Exercise prompt →
What lines below contain the word "CityJSON"? Please pull each one out.

Dataset records
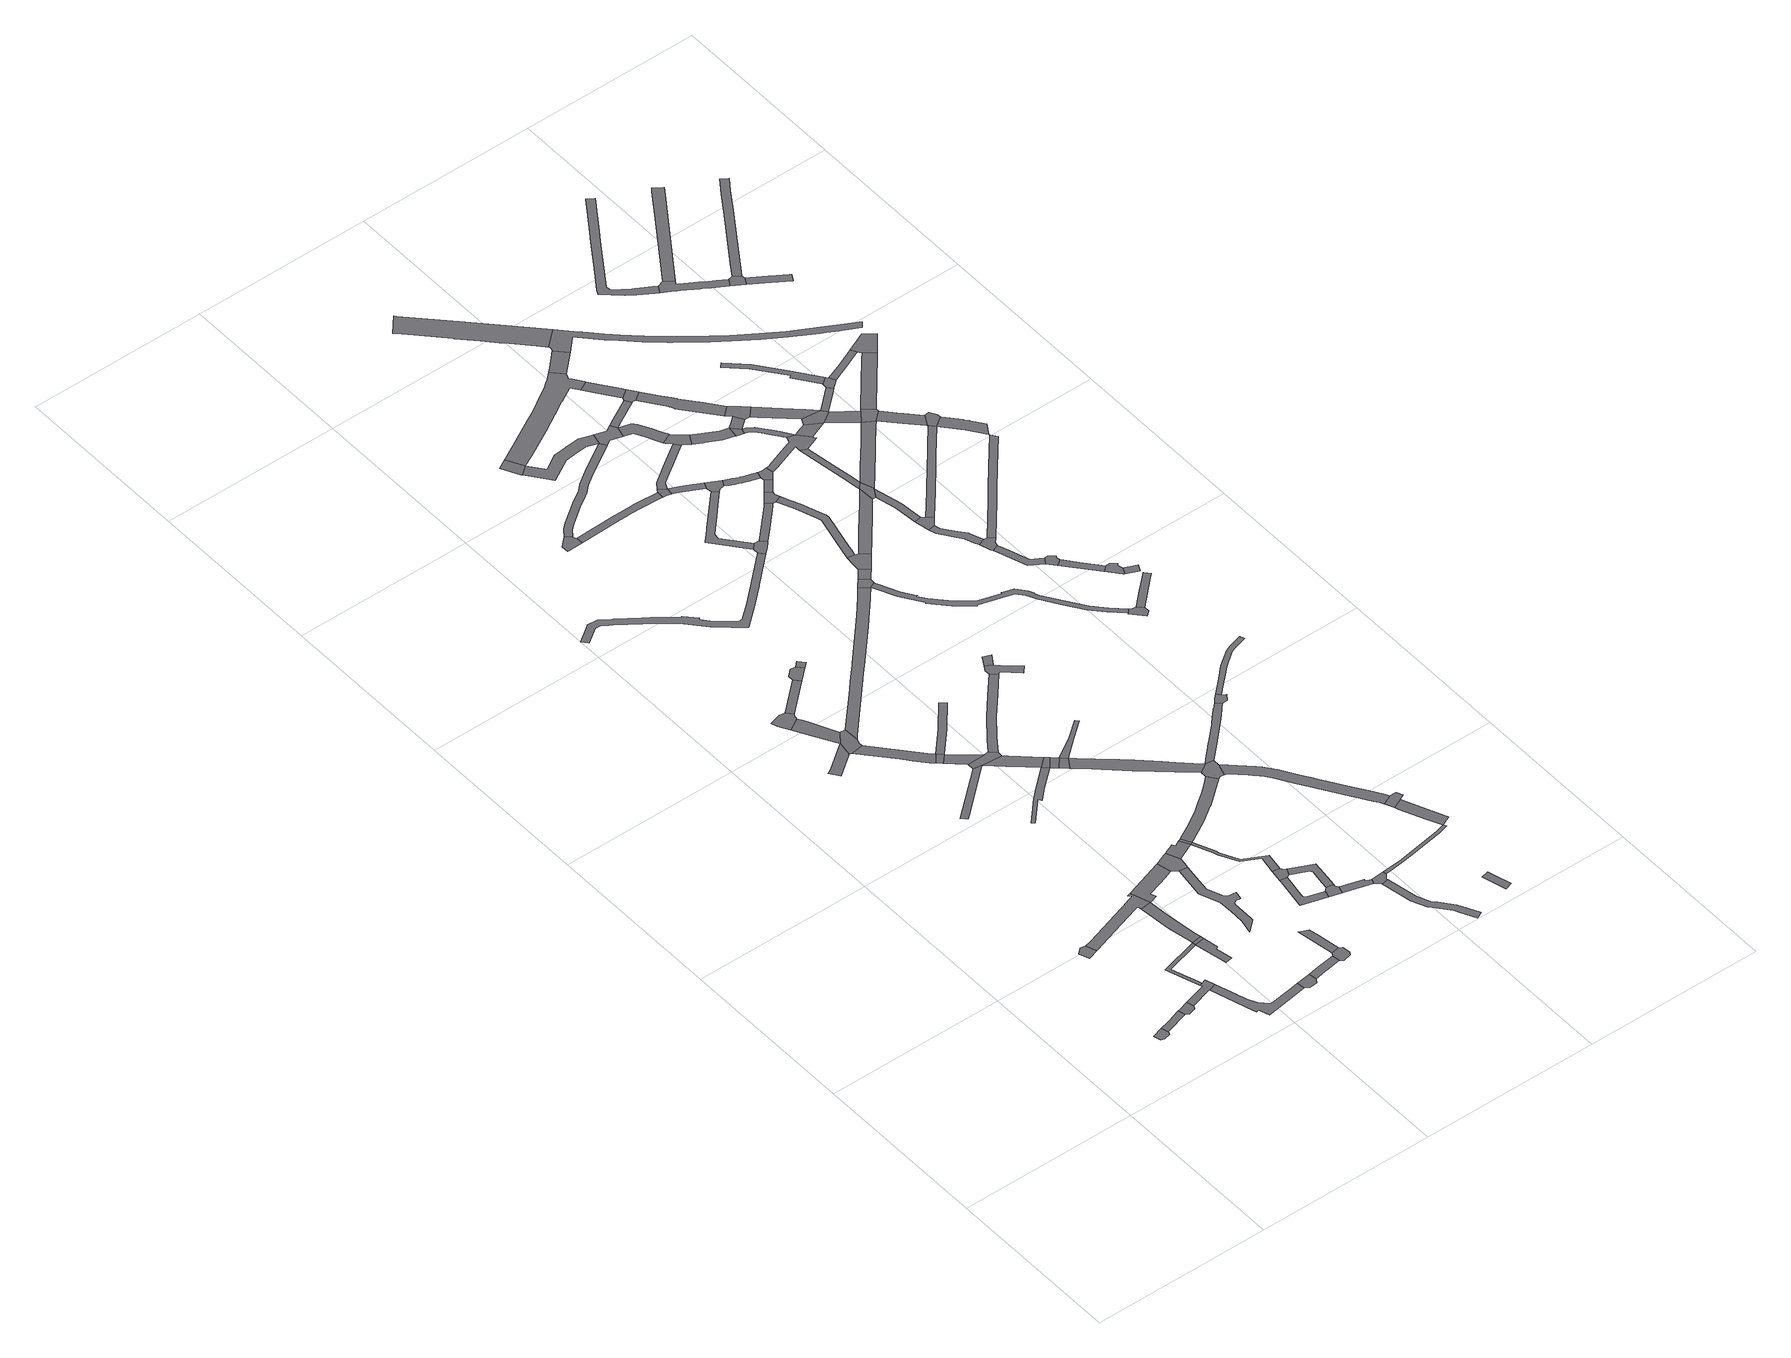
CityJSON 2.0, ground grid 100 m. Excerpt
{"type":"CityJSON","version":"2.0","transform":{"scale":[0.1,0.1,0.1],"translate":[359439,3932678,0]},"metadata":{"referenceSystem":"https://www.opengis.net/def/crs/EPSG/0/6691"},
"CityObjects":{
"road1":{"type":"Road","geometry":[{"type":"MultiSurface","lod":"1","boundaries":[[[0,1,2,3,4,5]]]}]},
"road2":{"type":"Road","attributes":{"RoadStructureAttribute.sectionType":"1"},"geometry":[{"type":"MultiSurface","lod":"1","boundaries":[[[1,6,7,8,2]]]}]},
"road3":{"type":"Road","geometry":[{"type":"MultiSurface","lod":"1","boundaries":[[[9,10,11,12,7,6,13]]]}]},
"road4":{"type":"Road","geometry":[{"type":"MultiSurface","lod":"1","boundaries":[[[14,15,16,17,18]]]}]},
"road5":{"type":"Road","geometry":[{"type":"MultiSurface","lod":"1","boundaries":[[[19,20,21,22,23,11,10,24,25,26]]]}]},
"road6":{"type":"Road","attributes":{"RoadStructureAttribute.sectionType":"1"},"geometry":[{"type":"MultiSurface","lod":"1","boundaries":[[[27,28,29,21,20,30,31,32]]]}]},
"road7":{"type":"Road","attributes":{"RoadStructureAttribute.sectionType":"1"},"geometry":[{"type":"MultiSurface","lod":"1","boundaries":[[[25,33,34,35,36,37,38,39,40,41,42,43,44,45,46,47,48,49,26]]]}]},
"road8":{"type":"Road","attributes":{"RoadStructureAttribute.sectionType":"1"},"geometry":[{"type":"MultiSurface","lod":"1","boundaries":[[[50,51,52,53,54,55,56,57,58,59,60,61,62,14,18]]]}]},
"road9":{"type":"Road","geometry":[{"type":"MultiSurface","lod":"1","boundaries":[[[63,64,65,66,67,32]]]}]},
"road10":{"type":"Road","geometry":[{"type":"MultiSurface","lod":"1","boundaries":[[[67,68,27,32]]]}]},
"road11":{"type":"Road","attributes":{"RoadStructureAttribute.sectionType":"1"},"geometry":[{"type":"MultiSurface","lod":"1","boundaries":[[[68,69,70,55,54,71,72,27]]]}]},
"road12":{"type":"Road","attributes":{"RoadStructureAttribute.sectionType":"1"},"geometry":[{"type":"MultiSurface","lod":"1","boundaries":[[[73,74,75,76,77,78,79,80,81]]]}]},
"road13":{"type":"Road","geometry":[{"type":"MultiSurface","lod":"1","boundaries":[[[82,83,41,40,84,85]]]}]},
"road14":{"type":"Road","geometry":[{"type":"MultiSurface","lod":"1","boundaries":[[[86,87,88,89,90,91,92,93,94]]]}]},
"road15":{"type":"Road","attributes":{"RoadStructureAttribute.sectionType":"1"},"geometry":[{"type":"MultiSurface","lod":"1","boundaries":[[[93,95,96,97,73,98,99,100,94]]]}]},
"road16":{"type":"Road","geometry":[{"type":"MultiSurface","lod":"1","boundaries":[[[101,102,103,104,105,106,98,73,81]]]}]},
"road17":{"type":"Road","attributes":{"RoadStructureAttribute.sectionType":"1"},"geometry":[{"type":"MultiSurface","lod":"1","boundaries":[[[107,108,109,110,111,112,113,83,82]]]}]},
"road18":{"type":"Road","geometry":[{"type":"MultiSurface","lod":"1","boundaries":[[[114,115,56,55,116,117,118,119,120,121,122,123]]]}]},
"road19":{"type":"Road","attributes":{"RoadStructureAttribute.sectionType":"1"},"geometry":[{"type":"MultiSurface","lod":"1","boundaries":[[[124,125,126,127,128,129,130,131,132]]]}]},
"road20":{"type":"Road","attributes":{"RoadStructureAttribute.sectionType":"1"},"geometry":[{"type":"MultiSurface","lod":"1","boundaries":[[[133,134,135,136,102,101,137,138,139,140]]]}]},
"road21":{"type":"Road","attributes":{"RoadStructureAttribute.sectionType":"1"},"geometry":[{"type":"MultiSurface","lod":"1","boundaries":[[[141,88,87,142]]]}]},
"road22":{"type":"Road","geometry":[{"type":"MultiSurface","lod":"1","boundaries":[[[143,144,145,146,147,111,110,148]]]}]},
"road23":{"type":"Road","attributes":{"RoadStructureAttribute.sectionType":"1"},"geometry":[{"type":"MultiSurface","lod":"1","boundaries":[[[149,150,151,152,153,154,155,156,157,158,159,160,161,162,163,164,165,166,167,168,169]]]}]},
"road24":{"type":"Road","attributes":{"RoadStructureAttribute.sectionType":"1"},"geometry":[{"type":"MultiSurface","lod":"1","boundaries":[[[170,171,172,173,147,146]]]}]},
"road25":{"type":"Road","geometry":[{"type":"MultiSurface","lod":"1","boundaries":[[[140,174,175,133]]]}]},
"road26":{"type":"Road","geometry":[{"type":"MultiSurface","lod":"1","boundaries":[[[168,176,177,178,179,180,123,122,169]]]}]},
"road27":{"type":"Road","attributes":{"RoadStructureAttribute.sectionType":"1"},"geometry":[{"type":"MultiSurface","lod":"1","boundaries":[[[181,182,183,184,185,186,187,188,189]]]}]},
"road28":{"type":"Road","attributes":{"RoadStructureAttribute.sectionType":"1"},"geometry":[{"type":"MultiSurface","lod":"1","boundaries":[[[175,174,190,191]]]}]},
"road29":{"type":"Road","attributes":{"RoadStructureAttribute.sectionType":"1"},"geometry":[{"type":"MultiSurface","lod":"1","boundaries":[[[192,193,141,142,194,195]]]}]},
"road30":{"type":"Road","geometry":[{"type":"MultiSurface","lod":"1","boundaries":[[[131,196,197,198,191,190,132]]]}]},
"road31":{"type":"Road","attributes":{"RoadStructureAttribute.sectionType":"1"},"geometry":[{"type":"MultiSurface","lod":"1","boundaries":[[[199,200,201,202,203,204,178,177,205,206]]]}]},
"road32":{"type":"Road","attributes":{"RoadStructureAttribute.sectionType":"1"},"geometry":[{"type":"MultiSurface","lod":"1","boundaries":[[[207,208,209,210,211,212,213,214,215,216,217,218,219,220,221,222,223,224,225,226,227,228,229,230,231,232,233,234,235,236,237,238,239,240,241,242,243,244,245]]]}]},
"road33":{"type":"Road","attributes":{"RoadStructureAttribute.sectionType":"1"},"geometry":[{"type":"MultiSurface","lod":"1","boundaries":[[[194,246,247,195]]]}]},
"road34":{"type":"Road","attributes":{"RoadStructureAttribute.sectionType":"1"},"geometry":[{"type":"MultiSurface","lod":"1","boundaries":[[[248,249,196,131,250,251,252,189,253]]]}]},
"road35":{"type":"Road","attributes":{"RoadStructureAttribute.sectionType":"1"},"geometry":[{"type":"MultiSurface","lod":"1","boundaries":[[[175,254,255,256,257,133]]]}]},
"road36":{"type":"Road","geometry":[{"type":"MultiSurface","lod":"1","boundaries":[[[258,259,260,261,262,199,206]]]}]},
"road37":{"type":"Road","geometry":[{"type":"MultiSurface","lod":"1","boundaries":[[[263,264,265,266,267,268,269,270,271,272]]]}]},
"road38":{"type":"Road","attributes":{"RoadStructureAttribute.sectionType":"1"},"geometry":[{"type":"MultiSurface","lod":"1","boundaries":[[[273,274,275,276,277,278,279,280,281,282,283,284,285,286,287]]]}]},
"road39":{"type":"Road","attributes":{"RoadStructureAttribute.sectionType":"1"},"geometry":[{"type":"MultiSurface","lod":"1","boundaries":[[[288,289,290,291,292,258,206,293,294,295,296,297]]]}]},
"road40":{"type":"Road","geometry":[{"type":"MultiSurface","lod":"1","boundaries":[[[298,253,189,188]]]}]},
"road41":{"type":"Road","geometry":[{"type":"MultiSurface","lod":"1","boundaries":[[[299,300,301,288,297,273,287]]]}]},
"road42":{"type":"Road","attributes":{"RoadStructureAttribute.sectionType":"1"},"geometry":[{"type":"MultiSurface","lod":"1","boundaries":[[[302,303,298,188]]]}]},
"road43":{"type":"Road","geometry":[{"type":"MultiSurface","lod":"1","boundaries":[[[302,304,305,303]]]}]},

The completed task →
CityJSON 2.0, ground grid 100 m. Excerpt
{"type":"CityJSON","version":"2.0","transform":{"scale":[0.1,0.1,0.1],"translate":[359439,3932678,0]},"metadata":{"referenceSystem":"https://www.opengis.net/def/crs/EPSG/0/6691"},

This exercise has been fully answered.